CVGBM is under clinical development by Curevac and currently in Phase I for Astrocytoma. According to GlobalData, Phase I drugs for Astrocytoma have an 82% phase transition success rate (PTSR) indication benchmark for progressing into Phase II. GlobalData’s report assesses how CVGBM’s drug-specific PTSR and Likelihood of Approval (LoA) scores compare to the indication benchmarks. Buy the report here.

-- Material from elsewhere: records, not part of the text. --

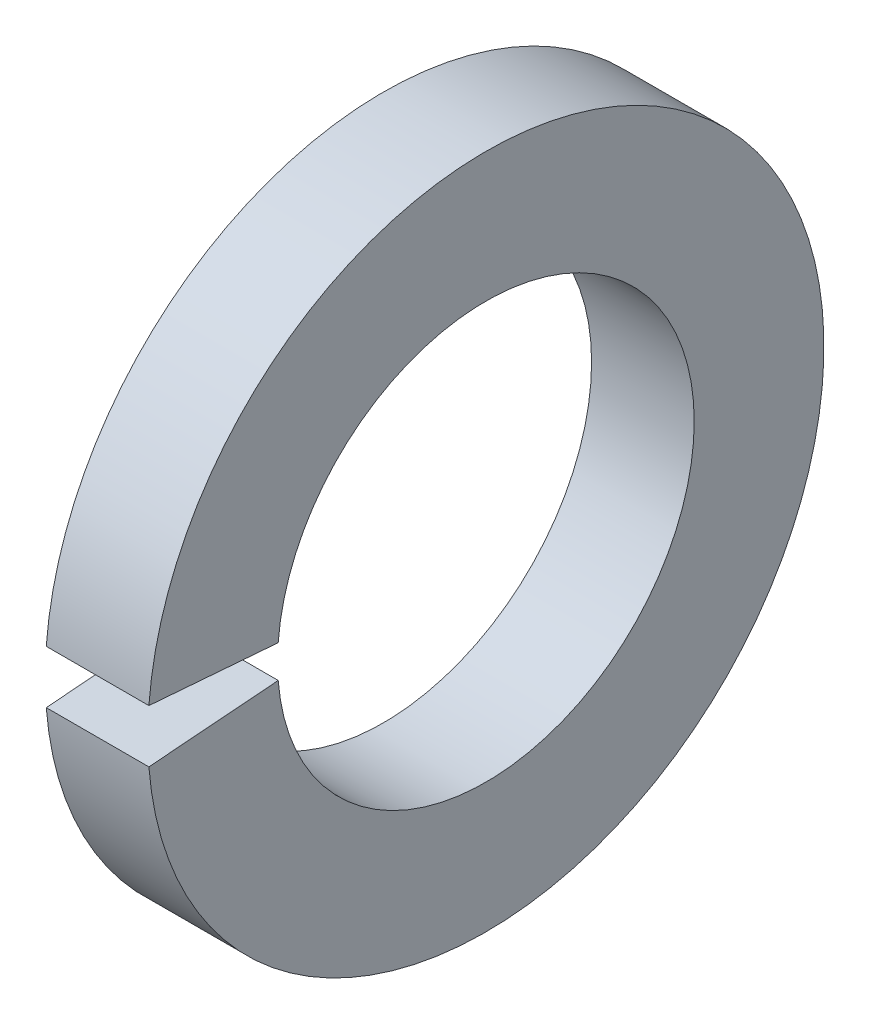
from build123d import *

# Parameters (mm, degrees)
SKETCH1_W = 6.35
SKETCH1_H = 8.0264
GAP_DEPTH = 31.254849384


with BuildPart() as part:
    # Sketch1 → Base-Revolve (revolve)
    with BuildSketch(Plane.XY, mode=Mode.PRIVATE) as base_revolve_sk:
        with Locations((-3.175, 16.9037)):
            Rectangle(SKETCH1_W, SKETCH1_H)
    revolve(base_revolve_sk.sketch.rotate(Axis((-34.925, 0, 0), (1, 0, 0)), 90), axis=Axis((-34.925, 0, 0), (1, 0, 0)))

    # Sketch2 → Gap (cut, through all)
    with BuildSketch(Plane(origin=(0, 0, 0), x_dir=(0, -1, 0), z_dir=(-1, 0, 0))):
        with BuildLine():
            Line((0, 0), (1.673943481, 21.269468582))
            ThreePointArc((1.673943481, 21.269468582), (0, 21.335238), (-1.673943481, 21.269468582))
            Line((-1.673943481, 21.269468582), (0, 0))
        make_face()
    extrude(amount=GAP_DEPTH, mode=Mode.SUBTRACT)


solid = part.part
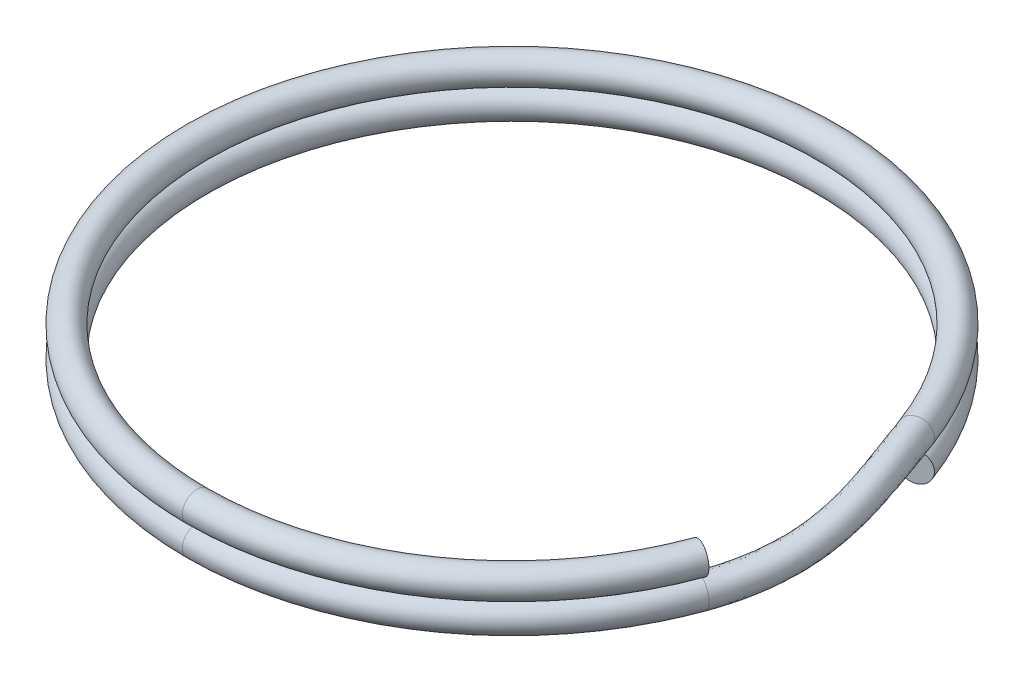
ISO-10303-21;
HEADER;
FILE_DESCRIPTION(('STEP AP214'),'2;1');
FILE_NAME('part.step','',(''),(''),'','','');
FILE_SCHEMA(('AUTOMOTIVE_DESIGN { 1 0 10303 214 1 1 1 1 }'));
ENDSEC;
DATA;
#1=APPLICATION_CONTEXT('core data for automotive mechanical design processes');
#2=APPLICATION_PROTOCOL_DEFINITION('international standard','automotive_design',2000,#1);
#3=PRODUCT_CONTEXT('',#1,'mechanical');
#4=PRODUCT('Part','Part','',(#3));
#5=PRODUCT_RELATED_PRODUCT_CATEGORY('part','',(#4));
#6=PRODUCT_DEFINITION_FORMATION('','',#4);
#7=PRODUCT_DEFINITION_CONTEXT('part definition',#1,'design');
#8=PRODUCT_DEFINITION('design','',#6,#7);
#9=PRODUCT_DEFINITION_SHAPE('','',#8);
#10=(LENGTH_UNIT() NAMED_UNIT(*) SI_UNIT(.MILLI.,.METRE.));
#11=(NAMED_UNIT(*) PLANE_ANGLE_UNIT() SI_UNIT($,.RADIAN.));
#12=(NAMED_UNIT(*) SI_UNIT($,.STERADIAN.) SOLID_ANGLE_UNIT());
#13=UNCERTAINTY_MEASURE_WITH_UNIT(LENGTH_MEASURE(1.E-05),#10,'distance_accuracy_value','');
#14=(GEOMETRIC_REPRESENTATION_CONTEXT(3) GLOBAL_UNCERTAINTY_ASSIGNED_CONTEXT((#13)) GLOBAL_UNIT_ASSIGNED_CONTEXT((#10,
#11,#12)) REPRESENTATION_CONTEXT('',''));
#15=CARTESIAN_POINT('',(0.,0.,0.));
#16=DIRECTION('',(0.,0.,1.));
#17=DIRECTION('',(1.,0.,0.));
#18=AXIS2_PLACEMENT_3D('',#15,#16,#17);
#19=CARTESIAN_POINT('',(0.,0.,0.));
#20=DIRECTION('',(0.,1.,0.));
#21=DIRECTION('',(0.,0.,1.));
#22=AXIS2_PLACEMENT_3D('',#19,#20,#21);
#23=TOROIDAL_SURFACE('',#22,12.5,0.574999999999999);
#24=CARTESIAN_POINT('',(0.,0.,12.5));
#25=DIRECTION('',(1.,0.,0.));
#26=DIRECTION('',(0.,0.,-1.));
#27=AXIS2_PLACEMENT_3D('',#24,#25,#26);
#28=CIRCLE('',#27,0.574999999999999);
#29=CARTESIAN_POINT('',(0.,0.,13.075));
#30=VERTEX_POINT('',#29);
#31=EDGE_CURVE('E10',#30,#30,#28,.T.);
#32=ORIENTED_EDGE('',*,*,#31,.T.);
#33=EDGE_LOOP('',(#32));
#34=FACE_BOUND('',#33,.T.);
#35=CARTESIAN_POINT('',(11.7461577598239,0.,4.27525179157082));
#36=DIRECTION('',(0.342020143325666,0.,-0.939692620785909));
#37=DIRECTION('',(-0.93969262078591,0.,-0.342020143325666));
#38=AXIS2_PLACEMENT_3D('',#35,#36,#37);
#39=CIRCLE('',#38,0.574999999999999);
#40=CARTESIAN_POINT('',(12.2610746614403,-0.174245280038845,4.46266621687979));
#41=VERTEX_POINT('',#40);
#42=EDGE_CURVE('E60',#41,#41,#39,.F.);
#43=ORIENTED_EDGE('',*,*,#42,.T.);
#44=EDGE_LOOP('',(#43));
#45=FACE_BOUND('',#44,.T.);
#46=ADVANCED_FACE('F35',(#34,#45),#23,.T.);
#47=CARTESIAN_POINT('',(11.7461577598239,0.,-4.27525179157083));
#48=DIRECTION('',(0.342020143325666,0.,0.939692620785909));
#49=DIRECTION('',(0.939692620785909,0.,-0.342020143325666));
#50=AXIS2_PLACEMENT_3D('',#47,#48,#49);
#51=CIRCLE('',#50,0.574999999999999);
#52=CARTESIAN_POINT('',(12.2864810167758,0.,-4.47191337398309));
#53=VERTEX_POINT('',#52);
#54=EDGE_CURVE('E43',#53,#53,#51,.F.);
#55=CARTESIAN_POINT('',(0.,0.,0.));
#56=DIRECTION('',(0.,1.,0.));
#57=DIRECTION('',(0.,0.,1.));
#58=AXIS2_PLACEMENT_3D('',#55,#56,#57);
#59=CIRCLE('',#58,13.075);
#60=EDGE_CURVE('',#53,#30,#59,.T.);
#61=ORIENTED_EDGE('',*,*,#54,.T.);
#62=ORIENTED_EDGE('',*,*,#31,.F.);
#63=ORIENTED_EDGE('',*,*,#60,.T.);
#64=ORIENTED_EDGE('',*,*,#60,.F.);
#65=EDGE_LOOP('',(#61,#63,#62,#64));
#66=FACE_BOUND('',#65,.T.);
#67=ADVANCED_FACE('F128',(#66),#23,.T.);
#68=CARTESIAN_POINT('',(0.,-0.574999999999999,0.));
#69=DIRECTION('',(0.342020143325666,0.,0.939692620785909));
#70=DIRECTION('',(0.939692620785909,0.,-0.342020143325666));
#71=AXIS2_PLACEMENT_3D('',#68,#69,#70);
#72=PLANE('',#71);
#73=ORIENTED_EDGE('',*,*,#54,.F.);
#74=EDGE_LOOP('',(#73));
#75=FACE_BOUND('',#74,.T.);
#76=ADVANCED_FACE('F94',(#75),#72,.T.);
#77=CARTESIAN_POINT('',(12.2610746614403,-0.174245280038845,4.46266621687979));
#78=CARTESIAN_POINT('',(13.6020765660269,-0.174245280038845,0.778293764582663));
#79=CARTESIAN_POINT('',(13.6180421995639,1.27553558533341,-0.78410477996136));
#80=CARTESIAN_POINT('',(12.2770402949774,1.27553558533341,-4.46847723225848));
#81=CARTESIAN_POINT('',(12.2565562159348,-0.189366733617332,4.46102163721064));
#82=CARTESIAN_POINT('',(13.5974566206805,-0.189366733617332,0.776928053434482));
#83=CARTESIAN_POINT('',(13.6207158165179,1.25994527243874,-0.785393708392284));
#84=CARTESIAN_POINT('',(12.2798154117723,1.25994527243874,-4.46948729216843));
#85=CARTESIAN_POINT('',(12.2464506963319,-0.218934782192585,4.45734352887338));
#86=CARTESIAN_POINT('',(13.5870108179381,-0.218934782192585,0.774184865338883));
#87=CARTESIAN_POINT('',(13.6246841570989,1.22881817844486,-0.787896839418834));
#88=CARTESIAN_POINT('',(12.2841240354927,1.22881817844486,-4.47105550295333));
#89=CARTESIAN_POINT('',(12.2282617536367,-0.261165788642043,4.45072329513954));
#90=CARTESIAN_POINT('',(13.567925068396,-0.261165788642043,0.770028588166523));
#91=CARTESIAN_POINT('',(13.6266365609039,1.18246162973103,-0.791397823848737));
#92=CARTESIAN_POINT('',(12.2869732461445,1.18246162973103,-4.47209253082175));
#93=CARTESIAN_POINT('',(12.2072173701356,-0.301179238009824,4.44306376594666));
#94=CARTESIAN_POINT('',(13.5456074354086,-0.301179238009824,0.765867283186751));
#95=CARTESIAN_POINT('',(13.6247099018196,1.13661267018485,-0.794658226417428));
#96=CARTESIAN_POINT('',(12.2863198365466,1.13661267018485,-4.47185470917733));
#97=CARTESIAN_POINT('',(12.0648697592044,-0.527375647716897,4.39125347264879));
#98=CARTESIAN_POINT('',(13.3935687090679,-0.527375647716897,0.740683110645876));
#99=CARTESIAN_POINT('',(13.5907492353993,0.865605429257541,-0.812450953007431));
#100=CARTESIAN_POINT('',(12.2620502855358,0.865605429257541,-4.46302131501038));
#101=CARTESIAN_POINT('',(11.8097730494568,-0.624897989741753,4.29840586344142));
#102=CARTESIAN_POINT('',(13.1105299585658,-0.624897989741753,0.724605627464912));
#103=CARTESIAN_POINT('',(13.381879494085,0.65081655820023,-0.823368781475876));
#104=CARTESIAN_POINT('',(12.081122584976,0.65081655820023,-4.39716901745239));
#105=CARTESIAN_POINT('',(11.2982303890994,-0.451794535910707,4.11221956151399));
#106=CARTESIAN_POINT('',(12.5431131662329,-0.451794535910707,0.691932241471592));
#107=CARTESIAN_POINT('',(12.7986016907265,0.544500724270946,-0.784922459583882));
#108=CARTESIAN_POINT('',(11.553718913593,0.544500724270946,-4.20520977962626));
#109=CARTESIAN_POINT('',(11.1408719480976,-0.128183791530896,4.05494577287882));
#110=CARTESIAN_POINT('',(12.3570032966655,-0.128183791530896,0.713652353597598));
#111=CARTESIAN_POINT('',(12.4869089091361,0.749695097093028,-0.760934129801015));
#112=CARTESIAN_POINT('',(11.2707775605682,0.749695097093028,-4.10222754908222));
#113=CARTESIAN_POINT('',(11.3216097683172,0.476674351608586,4.12072895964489));
#114=CARTESIAN_POINT('',(12.5414123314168,0.476674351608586,0.769348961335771));
#115=CARTESIAN_POINT('',(12.3795754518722,1.37330761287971,-0.710445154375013));
#116=CARTESIAN_POINT('',(11.1597728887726,1.37330761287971,-4.06182515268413));
#117=CARTESIAN_POINT('',(11.6257043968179,0.644131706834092,4.2314103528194));
#118=CARTESIAN_POINT('',(12.8779296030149,0.644131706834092,0.790949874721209));
#119=CARTESIAN_POINT('',(12.6048177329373,1.67440751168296,-0.69154528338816));
#120=CARTESIAN_POINT('',(11.3525925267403,1.67440751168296,-4.13200576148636));
#121=CARTESIAN_POINT('',(12.1372470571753,0.471028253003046,4.41759665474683));
#122=CARTESIAN_POINT('',(13.4455063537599,0.471028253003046,0.823183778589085));
#123=CARTESIAN_POINT('',(13.1882554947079,1.78072334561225,-0.729552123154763));
#124=CARTESIAN_POINT('',(11.8799961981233,1.78072334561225,-4.3239649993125));
#125=CARTESIAN_POINT('',(12.2925631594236,0.234624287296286,4.47412709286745));
#126=CARTESIAN_POINT('',(13.6264040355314,0.234624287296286,0.809429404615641));
#127=CARTESIAN_POINT('',(13.4560475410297,1.65123211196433,-0.747424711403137));
#128=CARTESIAN_POINT('',(12.1222066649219,1.65123211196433,-4.41212239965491));
#129=CARTESIAN_POINT('',(12.2860010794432,-0.0375212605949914,4.47173869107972));
#130=CARTESIAN_POINT('',(13.6261708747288,-0.0375212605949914,0.789652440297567));
#131=CARTESIAN_POINT('',(13.5781026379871,1.40844568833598,-0.77215703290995));
#132=CARTESIAN_POINT('',(12.2379328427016,1.40844568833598,-4.45424328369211));
#133=CARTESIAN_POINT('',(12.2814635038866,-0.0831205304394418,4.47008714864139));
#134=CARTESIAN_POINT('',(13.6223283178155,-0.0831205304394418,0.786091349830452));
#135=CARTESIAN_POINT('',(13.5951628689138,1.366027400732,-0.776203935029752));
#136=CARTESIAN_POINT('',(12.2542980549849,1.366027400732,-4.46019973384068));
#137=CARTESIAN_POINT('',(12.2733913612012,-0.128775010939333,4.46714912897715));
#138=CARTESIAN_POINT('',(13.6145604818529,-0.128775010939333,0.782317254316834));
#139=CARTESIAN_POINT('',(13.6087468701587,1.32177346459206,-0.780201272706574));
#140=CARTESIAN_POINT('',(12.2675777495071,1.32177346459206,-4.4650331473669));
#141=CARTESIAN_POINT('',(12.2655931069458,-0.159123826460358,4.46431079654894));
#142=CARTESIAN_POINT('',(13.6066965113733,-0.159123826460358,0.779659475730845));
#143=CARTESIAN_POINT('',(13.6153685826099,1.29112589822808,-0.782815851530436));
#144=CARTESIAN_POINT('',(12.2742651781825,1.29112589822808,-4.46746717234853));
#145=CARTESIAN_POINT('',(12.2610746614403,-0.174245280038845,4.46266621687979));
#146=CARTESIAN_POINT('',(13.6020765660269,-0.174245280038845,0.778293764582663));
#147=CARTESIAN_POINT('',(13.6180421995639,1.27553558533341,-0.78410477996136));
#148=CARTESIAN_POINT('',(12.2770402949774,1.27553558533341,-4.46847723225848));
#149=B_SPLINE_SURFACE_WITH_KNOTS('',3,3,((#77,#78,#79,#80),(#81,#82,#83,#84),(#85,#86,#87,#88),
(#89,#90,#91,#92),(#93,#94,#95,#96),(#97,#98,#99,#100),(#101,#102,#103,#104),(#105,#106,#107,
#108),(#109,#110,#111,#112),(#113,#114,#115,#116),(#117,#118,#119,#120),(#121,#122,#123,#124),
(#125,#126,#127,#128),(#129,#130,#131,#132),(#133,#134,#135,#136),(#137,#138,#139,#140),(#141,
#142,#143,#144),(#145,#146,#147,#148)),.UNSPECIFIED.,.T.,.F.,.F.,(4,1,1,1,1,2,2,2,1,1,1,1,4),(4,
4),(0.,0.0125,0.0249999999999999,0.0375000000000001,0.05,0.25,0.5,0.75,0.95,0.9625,0.975,0.9875,
1.),(0.,1.),.UNSPECIFIED.);
#150=CARTESIAN_POINT('',(11.7461577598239,1.16851847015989,-4.27525179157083));
#151=DIRECTION('',(0.342020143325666,0.,0.939692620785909));
#152=DIRECTION('',(0.939692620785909,0.,-0.342020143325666));
#153=AXIS2_PLACEMENT_3D('',#150,#151,#152);
#154=CIRCLE('',#153,0.574999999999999);
#155=CARTESIAN_POINT('',(12.2770402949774,1.27553558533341,-4.46847723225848));
#156=VERTEX_POINT('',#155);
#157=EDGE_CURVE('E48',#156,#156,#154,.F.);
#158=CARTESIAN_POINT('',(12.2610746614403,-0.174245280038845,4.46266621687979));
#159=CARTESIAN_POINT('',(12.2636906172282,-0.174245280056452,4.45547893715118));
#160=CARTESIAN_POINT('',(12.2663047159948,-0.174239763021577,4.44829098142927));
#161=CARTESIAN_POINT('',(12.271522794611,-0.174217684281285,4.43393119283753));
#162=CARTESIAN_POINT('',(12.274126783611,-0.17420114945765,4.42675936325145));
#163=CARTESIAN_POINT('',(12.2793246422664,-0.17415707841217,4.4124317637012));
#164=CARTESIAN_POINT('',(12.2819185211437,-0.174129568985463,4.40527599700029));
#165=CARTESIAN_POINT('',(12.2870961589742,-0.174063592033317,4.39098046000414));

GlobalData tracks drug-specific phase transition and likelihood of approval scores, in addition to indication benchmarks based off 18 years of historical drug development data. Attributes of the drug, company and its clinical trials play a fundamental role in drug-specific PTSR and likelihood of approval.
CVGBM overview
CVGBM is under development for the treatment of glioblastoma, melanoma and astrocytoma. It is an mRNA vaccine candidate being developed based on lipid nanoparticle-based mRNA platform. It is administered by intramuscular route.
Curevac overview
Curevac is a clinical-stage biopharmaceutical company that develops RNA-based medicines. The company develops, designs, and produces messenger RNA molecules for therapeutic and prophylactic vaccines in the fields of oncology and infectious diseases. Its product pipeline includes Cv0501, Cv2cov, Flu Sv Mrna and Cvsqiv. Curevac mRNA-based prophylactic vaccine candidates comprise cv7202 and cv8102. it also carries out research and development. The company Cv8102, a lead oncology candidate is designed to modulate the tumor microenvironment. Its products are used in the treatment of prostate cancer and non-small cell lung cancer and infectious diseases such as rabies, rotavirus and influenza. Curevac is headquartered in Tubingen, Baden-Wurttemberg, Germany.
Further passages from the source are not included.